Mediziner planen Verfassungsbeschwerde: Klinikärzte wollen umstrittenes Triage-Gesetz kippen

Welcher Patient erhält Platz auf der Intensivstation, wenn Personal und Technik in einer Pandemie nicht reichen? Das sollte das Triage-Gesetz regeln – nun könnte es kassiert werden.

Der Marburger Bund will das umstrittene Triage-Gesetz kippen – und deshalb Verfassungsbeschwerde einlegen. Das teilte die Vorsitzende der Ärztegewerkschaft, Susanne Johna, am Donnerstag mit. Insbesondere Mediziner auf Intensivstationen und in Notaufnahmen seien wegen der aktuellen Regelung verunsichert.

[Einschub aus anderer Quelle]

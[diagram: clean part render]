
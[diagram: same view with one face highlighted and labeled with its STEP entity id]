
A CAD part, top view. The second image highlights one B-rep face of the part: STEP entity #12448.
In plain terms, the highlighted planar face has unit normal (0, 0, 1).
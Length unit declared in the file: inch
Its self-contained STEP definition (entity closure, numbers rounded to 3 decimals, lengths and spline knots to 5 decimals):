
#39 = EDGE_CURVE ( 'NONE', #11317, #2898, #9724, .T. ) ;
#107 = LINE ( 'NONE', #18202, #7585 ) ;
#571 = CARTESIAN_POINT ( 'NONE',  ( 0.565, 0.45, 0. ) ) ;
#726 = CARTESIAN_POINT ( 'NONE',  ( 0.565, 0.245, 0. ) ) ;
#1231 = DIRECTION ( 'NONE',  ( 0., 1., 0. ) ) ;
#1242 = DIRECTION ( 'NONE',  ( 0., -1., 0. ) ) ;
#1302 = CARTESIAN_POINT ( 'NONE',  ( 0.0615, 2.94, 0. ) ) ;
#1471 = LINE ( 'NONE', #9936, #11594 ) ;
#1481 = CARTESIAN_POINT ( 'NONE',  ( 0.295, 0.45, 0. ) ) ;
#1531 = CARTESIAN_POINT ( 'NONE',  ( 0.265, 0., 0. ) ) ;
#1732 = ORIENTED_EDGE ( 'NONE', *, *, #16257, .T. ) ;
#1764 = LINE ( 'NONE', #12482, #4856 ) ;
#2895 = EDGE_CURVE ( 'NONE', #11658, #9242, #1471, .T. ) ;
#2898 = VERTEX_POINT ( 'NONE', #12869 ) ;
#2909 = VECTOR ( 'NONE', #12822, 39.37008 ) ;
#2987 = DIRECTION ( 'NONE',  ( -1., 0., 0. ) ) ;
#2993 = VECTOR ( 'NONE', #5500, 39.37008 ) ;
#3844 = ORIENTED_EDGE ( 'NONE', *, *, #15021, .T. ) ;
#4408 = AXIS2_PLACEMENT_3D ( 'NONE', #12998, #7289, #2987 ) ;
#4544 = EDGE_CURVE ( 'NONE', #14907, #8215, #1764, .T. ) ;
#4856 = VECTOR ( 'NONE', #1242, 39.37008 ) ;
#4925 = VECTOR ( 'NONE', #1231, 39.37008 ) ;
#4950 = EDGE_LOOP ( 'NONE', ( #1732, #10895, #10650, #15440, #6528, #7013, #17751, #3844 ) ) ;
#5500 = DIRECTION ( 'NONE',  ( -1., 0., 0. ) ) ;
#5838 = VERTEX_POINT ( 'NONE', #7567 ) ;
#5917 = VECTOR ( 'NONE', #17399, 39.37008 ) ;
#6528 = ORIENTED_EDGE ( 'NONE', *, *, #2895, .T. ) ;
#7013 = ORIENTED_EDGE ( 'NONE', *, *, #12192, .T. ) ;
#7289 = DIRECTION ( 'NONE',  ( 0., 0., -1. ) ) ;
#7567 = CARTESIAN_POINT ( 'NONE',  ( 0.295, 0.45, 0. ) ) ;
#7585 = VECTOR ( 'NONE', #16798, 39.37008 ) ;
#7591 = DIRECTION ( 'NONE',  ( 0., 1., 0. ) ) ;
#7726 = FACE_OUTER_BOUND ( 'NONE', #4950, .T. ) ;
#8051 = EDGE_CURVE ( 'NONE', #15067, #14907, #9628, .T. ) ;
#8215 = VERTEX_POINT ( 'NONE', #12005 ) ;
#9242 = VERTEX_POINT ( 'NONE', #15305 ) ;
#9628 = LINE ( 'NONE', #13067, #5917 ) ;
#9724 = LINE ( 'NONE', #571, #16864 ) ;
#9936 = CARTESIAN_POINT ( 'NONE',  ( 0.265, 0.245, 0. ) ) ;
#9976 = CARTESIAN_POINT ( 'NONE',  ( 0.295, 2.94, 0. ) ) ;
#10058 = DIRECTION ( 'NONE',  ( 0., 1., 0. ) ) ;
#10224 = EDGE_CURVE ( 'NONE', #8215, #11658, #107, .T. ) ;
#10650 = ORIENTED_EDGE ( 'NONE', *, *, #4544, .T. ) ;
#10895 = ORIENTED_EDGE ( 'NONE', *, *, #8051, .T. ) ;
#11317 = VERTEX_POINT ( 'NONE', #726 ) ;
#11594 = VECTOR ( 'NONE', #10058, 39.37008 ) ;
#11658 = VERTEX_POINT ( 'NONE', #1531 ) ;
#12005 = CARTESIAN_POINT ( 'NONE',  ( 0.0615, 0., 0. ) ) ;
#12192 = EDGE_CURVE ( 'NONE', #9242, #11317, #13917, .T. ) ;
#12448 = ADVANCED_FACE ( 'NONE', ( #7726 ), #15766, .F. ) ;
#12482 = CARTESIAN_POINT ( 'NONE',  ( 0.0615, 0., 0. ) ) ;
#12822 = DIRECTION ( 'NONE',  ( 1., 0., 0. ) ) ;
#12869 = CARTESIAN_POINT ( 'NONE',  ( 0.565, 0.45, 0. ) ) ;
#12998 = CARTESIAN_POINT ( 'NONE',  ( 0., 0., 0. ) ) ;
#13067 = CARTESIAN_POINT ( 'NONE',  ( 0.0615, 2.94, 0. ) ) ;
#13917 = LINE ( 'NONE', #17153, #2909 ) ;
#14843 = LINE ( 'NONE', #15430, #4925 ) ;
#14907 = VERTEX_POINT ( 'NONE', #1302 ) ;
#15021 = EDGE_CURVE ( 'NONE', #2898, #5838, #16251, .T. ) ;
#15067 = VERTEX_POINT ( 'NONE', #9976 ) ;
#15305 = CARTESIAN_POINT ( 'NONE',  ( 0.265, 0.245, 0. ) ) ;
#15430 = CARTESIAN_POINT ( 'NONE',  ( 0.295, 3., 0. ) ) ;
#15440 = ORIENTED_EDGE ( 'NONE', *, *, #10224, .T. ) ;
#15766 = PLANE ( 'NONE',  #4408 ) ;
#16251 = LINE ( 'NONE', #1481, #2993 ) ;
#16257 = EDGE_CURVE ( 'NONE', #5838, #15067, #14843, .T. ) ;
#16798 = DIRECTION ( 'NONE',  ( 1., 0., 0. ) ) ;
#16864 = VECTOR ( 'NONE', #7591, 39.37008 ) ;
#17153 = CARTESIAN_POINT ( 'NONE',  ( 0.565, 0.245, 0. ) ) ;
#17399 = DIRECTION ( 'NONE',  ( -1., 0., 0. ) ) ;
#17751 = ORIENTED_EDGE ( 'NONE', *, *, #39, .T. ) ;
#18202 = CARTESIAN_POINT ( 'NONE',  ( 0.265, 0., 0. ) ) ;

Das Gesetz könne dazu führen, dass Patienten mit höherer Überlebensfähigkeit sterben, weil knappe intensivmedizinische Ressourcen für Patienten mit „deutlich schlechteren Überlebenschancen“ genutzt würden, sagte Johna. „Das widerspricht unserem ärztlichen Ethos, dem Wunsch, möglichst viele Menschenleben zu retten, und dem Grundrecht der Berufsfreiheit.“

Die Triage-Regelung steht seit November 2022 im Infektionsschutzgesetz und gilt, wenn der Grund für Engpässe der Intensivmedizin die Verbreitung einer übertragbaren Krankheit ist, also etwa in einer Pandemie. Dann aber greift das Gesetz für alle Patienten, unabhängig davon, ob sie wegen der Infektion oder anderer Leiden eingeliefert wurden.

Intensivpfleger in einem Krankenhaus in Baden-Württemberg (Archivbild von 2021).
Intensivpfleger in einem Krankenhaus in Baden-Württemberg (Archivbild von 2021).

© dpa/Sebastian Gollnow

Triage bedeutet landläufig: Reichen Geräte, Medikamente und Personal nicht für alle, werden Patienten in Dringlichkeitsstufen eingeteilt, von „trier“ – französisch für „sortieren“. Üblicherweise bedeutet dies, dass Patienten, deren Chancen auf Genesung besser sind, eher behandelt werden als jene mit schlechterer Überlebenswahrscheinlichkeit.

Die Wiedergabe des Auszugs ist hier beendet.